> **Exercise requirements**:
Reproduce exactly, and solely, the lines running from the top of the data below through the line with "circle A7 centre", both inclusive. Omit pictures.

> **Supplied information**:
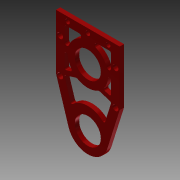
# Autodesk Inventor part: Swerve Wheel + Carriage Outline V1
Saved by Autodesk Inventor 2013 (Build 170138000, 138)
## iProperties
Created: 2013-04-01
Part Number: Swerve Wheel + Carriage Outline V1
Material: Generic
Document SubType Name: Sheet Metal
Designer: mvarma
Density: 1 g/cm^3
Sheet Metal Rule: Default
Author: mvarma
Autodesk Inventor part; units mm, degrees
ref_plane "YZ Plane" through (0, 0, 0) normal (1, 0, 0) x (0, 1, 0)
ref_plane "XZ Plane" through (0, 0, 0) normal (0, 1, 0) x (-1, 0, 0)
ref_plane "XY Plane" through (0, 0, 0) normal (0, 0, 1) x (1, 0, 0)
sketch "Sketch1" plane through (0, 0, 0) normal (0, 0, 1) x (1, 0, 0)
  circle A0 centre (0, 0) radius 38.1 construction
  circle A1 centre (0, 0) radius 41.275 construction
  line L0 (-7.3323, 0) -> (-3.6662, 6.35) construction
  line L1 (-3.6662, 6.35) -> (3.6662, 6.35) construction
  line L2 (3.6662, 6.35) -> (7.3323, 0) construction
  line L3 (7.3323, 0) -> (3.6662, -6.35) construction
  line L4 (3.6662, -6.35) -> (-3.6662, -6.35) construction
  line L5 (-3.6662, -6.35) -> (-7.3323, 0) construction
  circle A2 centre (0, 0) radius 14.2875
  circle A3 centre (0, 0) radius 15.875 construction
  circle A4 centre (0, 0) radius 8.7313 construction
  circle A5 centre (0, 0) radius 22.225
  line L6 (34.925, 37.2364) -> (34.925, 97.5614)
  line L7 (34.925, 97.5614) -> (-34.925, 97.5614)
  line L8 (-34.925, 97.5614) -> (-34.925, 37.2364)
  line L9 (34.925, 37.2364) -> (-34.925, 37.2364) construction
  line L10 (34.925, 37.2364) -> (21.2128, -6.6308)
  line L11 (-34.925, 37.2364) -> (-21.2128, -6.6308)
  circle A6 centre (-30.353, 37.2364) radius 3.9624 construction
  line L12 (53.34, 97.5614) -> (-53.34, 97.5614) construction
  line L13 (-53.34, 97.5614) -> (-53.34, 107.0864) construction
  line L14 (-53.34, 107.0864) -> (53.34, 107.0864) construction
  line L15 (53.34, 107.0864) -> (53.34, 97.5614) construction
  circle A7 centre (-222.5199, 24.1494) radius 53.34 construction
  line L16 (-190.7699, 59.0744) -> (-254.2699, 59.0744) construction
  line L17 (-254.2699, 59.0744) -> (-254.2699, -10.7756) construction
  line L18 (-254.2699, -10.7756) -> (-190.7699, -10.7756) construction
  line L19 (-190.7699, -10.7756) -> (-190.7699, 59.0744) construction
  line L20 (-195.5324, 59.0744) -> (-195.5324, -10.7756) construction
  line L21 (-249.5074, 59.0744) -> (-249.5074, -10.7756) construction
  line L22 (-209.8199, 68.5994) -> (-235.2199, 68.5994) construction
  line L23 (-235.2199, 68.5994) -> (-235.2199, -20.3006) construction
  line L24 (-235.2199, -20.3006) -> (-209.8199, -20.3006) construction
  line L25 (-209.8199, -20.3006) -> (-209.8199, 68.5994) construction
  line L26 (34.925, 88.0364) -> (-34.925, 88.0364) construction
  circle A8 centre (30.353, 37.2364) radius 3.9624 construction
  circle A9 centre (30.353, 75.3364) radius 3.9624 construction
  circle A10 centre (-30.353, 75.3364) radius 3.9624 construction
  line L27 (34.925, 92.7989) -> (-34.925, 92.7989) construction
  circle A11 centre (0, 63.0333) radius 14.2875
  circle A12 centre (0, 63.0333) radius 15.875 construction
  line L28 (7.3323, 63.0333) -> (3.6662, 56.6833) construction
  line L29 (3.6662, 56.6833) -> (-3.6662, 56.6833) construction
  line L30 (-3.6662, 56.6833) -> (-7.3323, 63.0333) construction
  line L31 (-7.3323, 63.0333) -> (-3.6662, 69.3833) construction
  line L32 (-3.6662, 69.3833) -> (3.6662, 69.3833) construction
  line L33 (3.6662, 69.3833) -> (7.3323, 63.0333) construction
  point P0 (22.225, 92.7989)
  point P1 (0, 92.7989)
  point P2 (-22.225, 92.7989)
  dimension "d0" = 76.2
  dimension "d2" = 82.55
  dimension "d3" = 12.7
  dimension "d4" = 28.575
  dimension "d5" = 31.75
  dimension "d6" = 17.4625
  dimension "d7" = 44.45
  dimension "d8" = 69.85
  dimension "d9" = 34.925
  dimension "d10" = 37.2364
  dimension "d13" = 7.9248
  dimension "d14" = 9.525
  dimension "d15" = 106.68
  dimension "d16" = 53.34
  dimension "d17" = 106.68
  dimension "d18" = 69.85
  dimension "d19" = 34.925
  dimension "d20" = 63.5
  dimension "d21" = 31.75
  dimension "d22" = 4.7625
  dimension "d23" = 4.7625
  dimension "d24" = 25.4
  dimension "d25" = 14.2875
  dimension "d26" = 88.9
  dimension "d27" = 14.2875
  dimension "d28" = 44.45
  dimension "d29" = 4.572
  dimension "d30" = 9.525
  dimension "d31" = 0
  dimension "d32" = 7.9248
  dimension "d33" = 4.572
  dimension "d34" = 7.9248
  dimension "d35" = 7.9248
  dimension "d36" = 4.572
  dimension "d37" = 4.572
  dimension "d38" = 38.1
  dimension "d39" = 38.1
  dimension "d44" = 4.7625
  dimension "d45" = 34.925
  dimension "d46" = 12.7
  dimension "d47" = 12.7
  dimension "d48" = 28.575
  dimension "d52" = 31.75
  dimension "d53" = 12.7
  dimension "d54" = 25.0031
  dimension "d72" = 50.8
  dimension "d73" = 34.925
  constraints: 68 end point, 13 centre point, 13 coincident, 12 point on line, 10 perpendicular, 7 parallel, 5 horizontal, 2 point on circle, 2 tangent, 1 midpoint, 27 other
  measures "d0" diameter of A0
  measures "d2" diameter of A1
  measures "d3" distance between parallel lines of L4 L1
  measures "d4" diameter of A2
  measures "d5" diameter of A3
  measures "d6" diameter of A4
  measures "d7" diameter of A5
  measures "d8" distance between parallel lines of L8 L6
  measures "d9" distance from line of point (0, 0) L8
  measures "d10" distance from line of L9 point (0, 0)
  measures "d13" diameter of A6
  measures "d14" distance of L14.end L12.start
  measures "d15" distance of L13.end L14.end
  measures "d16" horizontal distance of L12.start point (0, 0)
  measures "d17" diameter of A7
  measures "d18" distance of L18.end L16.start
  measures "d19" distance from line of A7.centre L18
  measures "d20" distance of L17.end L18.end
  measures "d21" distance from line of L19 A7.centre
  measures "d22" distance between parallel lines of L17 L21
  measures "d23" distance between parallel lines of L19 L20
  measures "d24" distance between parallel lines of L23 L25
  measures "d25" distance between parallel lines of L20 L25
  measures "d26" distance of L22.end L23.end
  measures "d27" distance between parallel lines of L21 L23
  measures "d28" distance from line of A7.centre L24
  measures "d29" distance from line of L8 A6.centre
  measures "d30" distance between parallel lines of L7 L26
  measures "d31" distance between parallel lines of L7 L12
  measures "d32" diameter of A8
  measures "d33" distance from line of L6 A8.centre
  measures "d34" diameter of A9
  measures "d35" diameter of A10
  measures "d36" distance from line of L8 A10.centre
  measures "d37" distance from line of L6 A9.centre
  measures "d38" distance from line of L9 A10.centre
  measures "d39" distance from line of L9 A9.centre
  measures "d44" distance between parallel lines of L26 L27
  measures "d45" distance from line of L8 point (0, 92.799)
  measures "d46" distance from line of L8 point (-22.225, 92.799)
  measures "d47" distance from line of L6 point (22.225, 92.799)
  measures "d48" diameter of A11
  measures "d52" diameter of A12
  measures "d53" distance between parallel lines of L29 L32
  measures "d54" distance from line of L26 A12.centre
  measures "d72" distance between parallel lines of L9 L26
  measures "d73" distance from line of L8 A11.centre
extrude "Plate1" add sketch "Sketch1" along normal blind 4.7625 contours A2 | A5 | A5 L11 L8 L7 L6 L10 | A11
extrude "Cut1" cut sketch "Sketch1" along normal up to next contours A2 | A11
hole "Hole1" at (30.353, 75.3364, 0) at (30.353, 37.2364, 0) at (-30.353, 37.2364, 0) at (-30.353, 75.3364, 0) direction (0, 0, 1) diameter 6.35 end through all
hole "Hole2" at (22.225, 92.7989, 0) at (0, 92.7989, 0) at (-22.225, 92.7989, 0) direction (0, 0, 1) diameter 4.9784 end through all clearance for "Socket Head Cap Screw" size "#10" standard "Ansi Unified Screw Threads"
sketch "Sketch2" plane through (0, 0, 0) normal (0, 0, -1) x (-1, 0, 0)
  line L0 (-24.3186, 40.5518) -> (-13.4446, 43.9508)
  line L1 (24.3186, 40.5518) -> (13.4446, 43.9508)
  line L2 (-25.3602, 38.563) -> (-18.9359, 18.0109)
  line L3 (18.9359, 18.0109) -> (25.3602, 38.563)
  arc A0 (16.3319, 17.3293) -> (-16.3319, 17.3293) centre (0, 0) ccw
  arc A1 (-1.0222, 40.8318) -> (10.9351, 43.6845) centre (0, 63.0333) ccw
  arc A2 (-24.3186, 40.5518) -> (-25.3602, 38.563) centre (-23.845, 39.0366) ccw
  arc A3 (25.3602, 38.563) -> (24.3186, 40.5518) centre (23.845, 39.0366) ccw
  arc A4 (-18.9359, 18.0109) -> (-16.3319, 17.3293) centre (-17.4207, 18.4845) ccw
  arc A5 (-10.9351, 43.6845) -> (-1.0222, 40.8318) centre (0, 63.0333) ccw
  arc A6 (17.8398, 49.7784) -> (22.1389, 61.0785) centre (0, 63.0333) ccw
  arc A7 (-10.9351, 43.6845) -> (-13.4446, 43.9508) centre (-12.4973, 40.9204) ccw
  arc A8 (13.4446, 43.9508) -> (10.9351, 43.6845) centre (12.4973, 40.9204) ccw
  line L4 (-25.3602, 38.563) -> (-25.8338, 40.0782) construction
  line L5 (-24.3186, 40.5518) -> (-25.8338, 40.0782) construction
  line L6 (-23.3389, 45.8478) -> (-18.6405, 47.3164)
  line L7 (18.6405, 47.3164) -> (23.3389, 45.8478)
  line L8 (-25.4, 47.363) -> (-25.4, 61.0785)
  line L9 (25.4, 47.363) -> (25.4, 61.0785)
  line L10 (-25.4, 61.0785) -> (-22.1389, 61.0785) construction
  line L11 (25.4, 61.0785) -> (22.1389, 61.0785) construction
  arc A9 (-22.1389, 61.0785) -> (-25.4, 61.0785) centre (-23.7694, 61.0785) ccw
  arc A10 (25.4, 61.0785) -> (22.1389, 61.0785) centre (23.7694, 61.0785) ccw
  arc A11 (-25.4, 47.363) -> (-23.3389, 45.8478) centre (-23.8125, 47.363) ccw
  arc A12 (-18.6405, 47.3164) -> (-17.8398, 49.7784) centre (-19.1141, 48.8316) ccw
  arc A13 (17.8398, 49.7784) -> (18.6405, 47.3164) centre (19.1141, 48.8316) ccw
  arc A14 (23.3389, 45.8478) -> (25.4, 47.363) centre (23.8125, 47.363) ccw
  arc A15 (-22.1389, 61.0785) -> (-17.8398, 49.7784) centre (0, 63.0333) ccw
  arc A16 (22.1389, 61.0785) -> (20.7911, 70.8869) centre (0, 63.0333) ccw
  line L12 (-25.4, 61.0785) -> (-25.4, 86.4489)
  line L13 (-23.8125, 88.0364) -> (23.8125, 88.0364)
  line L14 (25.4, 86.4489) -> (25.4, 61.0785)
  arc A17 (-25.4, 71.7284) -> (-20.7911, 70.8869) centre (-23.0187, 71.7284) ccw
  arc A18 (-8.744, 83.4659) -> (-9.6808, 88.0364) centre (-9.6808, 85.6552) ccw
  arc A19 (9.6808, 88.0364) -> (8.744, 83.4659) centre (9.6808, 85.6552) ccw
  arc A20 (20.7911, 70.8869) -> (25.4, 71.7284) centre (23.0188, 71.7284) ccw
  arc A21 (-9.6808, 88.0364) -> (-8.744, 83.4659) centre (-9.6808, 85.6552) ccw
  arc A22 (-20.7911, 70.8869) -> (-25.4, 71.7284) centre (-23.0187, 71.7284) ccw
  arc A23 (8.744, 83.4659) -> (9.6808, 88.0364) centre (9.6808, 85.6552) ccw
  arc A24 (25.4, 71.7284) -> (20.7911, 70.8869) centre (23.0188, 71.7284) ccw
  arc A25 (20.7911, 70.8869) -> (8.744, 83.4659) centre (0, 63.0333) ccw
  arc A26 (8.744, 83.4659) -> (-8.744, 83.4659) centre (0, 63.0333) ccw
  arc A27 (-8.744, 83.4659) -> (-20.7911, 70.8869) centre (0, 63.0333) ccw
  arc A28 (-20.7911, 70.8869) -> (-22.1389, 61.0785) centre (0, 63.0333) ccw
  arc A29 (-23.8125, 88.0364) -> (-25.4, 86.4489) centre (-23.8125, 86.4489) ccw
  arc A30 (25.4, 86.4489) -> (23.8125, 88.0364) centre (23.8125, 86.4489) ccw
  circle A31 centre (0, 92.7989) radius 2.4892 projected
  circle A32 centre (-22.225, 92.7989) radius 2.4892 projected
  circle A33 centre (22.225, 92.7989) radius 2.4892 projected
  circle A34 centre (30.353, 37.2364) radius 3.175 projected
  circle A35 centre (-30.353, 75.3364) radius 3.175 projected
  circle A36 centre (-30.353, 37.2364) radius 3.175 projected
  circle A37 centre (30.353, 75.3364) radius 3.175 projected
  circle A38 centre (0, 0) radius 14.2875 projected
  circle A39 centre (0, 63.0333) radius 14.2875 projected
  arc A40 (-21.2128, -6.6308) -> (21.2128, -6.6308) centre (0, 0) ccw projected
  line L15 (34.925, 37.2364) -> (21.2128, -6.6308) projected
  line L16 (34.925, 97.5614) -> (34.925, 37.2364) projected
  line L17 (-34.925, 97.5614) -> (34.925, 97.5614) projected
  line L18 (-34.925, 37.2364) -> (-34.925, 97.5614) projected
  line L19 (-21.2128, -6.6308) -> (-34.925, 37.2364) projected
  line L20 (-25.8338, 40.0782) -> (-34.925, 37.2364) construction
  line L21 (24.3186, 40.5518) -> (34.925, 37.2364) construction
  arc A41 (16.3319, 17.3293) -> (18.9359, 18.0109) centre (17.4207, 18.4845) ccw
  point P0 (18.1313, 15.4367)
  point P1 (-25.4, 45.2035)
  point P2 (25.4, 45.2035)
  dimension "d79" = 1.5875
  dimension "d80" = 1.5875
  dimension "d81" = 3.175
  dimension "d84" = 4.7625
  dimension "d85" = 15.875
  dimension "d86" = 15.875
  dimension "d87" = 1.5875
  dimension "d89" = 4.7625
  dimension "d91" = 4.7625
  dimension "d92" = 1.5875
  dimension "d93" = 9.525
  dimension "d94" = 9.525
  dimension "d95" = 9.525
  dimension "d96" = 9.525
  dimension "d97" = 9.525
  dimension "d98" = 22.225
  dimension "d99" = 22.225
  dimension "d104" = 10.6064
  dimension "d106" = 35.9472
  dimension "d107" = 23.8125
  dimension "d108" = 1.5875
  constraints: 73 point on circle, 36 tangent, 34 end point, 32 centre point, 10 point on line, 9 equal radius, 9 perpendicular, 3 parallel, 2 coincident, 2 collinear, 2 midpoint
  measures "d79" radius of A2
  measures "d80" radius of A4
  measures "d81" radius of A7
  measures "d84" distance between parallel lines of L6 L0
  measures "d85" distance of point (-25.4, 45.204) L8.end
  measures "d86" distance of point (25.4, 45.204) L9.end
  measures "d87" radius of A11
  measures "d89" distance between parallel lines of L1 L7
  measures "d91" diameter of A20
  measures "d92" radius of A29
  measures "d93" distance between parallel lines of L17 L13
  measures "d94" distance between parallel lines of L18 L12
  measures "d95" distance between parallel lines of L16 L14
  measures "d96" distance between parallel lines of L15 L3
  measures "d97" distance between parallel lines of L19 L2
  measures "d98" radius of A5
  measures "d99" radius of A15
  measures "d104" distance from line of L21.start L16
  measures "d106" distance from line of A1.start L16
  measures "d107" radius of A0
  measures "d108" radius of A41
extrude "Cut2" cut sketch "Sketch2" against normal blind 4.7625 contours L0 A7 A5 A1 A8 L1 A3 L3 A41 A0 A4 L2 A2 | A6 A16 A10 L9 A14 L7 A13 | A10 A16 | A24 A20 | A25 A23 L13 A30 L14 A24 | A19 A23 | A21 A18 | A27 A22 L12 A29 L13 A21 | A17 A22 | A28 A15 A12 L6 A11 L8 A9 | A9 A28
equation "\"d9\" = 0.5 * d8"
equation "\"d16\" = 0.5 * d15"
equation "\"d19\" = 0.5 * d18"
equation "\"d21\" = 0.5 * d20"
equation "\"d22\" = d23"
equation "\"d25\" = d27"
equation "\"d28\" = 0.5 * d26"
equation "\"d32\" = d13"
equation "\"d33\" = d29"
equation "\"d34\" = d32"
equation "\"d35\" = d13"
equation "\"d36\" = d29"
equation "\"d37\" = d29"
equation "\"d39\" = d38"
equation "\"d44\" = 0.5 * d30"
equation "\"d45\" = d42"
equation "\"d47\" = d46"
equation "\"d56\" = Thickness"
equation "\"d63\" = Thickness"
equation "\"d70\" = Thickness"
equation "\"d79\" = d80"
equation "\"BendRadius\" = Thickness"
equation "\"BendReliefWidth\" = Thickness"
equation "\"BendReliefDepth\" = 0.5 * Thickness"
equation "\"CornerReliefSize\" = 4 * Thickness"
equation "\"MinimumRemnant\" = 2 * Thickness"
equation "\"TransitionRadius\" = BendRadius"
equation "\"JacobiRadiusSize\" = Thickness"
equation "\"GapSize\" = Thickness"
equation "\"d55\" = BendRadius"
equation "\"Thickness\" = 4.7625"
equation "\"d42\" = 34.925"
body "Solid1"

> **Answer box**:
# Autodesk Inventor part: Swerve Wheel + Carriage Outline V1
Saved by Autodesk Inventor 2013 (Build 170138000, 138)
## iProperties
Created: 2013-04-01
Part Number: Swerve Wheel + Carriage Outline V1
Material: Generic
Document SubType Name: Sheet Metal
Designer: mvarma
Density: 1 g/cm^3
Sheet Metal Rule: Default
Author: mvarma
Autodesk Inventor part; units mm, degrees
ref_plane "YZ Plane" through (0, 0, 0) normal (1, 0, 0) x (0, 1, 0)
ref_plane "XZ Plane" through (0, 0, 0) normal (0, 1, 0) x (-1, 0, 0)
ref_plane "XY Plane" through (0, 0, 0) normal (0, 0, 1) x (1, 0, 0)
sketch "Sketch1" plane through (0, 0, 0) normal (0, 0, 1) x (1, 0, 0)
  circle A0 centre (0, 0) radius 38.1 construction
  circle A1 centre (0, 0) radius 41.275 construction
  line L0 (-7.3323, 0) -> (-3.6662, 6.35) construction
  line L1 (-3.6662, 6.35) -> (3.6662, 6.35) construction
  line L2 (3.6662, 6.35) -> (7.3323, 0) construction
  line L3 (7.3323, 0) -> (3.6662, -6.35) construction
  line L4 (3.6662, -6.35) -> (-3.6662, -6.35) construction
  line L5 (-3.6662, -6.35) -> (-7.3323, 0) construction
  circle A2 centre (0, 0) radius 14.2875
  circle A3 centre (0, 0) radius 15.875 construction
  circle A4 centre (0, 0) radius 8.7313 construction
  circle A5 centre (0, 0) radius 22.225
  line L6 (34.925, 37.2364) -> (34.925, 97.5614)
  line L7 (34.925, 97.5614) -> (-34.925, 97.5614)
  line L8 (-34.925, 97.5614) -> (-34.925, 37.2364)
  line L9 (34.925, 37.2364) -> (-34.925, 37.2364) construction
  line L10 (34.925, 37.2364) -> (21.2128, -6.6308)
  line L11 (-34.925, 37.2364) -> (-21.2128, -6.6308)
  circle A6 centre (-30.353, 37.2364) radius 3.9624 construction
  line L12 (53.34, 97.5614) -> (-53.34, 97.5614) construction
  line L13 (-53.34, 97.5614) -> (-53.34, 107.0864) construction
  line L14 (-53.34, 107.0864) -> (53.34, 107.0864) construction
  line L15 (53.34, 107.0864) -> (53.34, 97.5614) construction
  circle A7 centre (-222.5199, 24.1494) radius 53.34 construction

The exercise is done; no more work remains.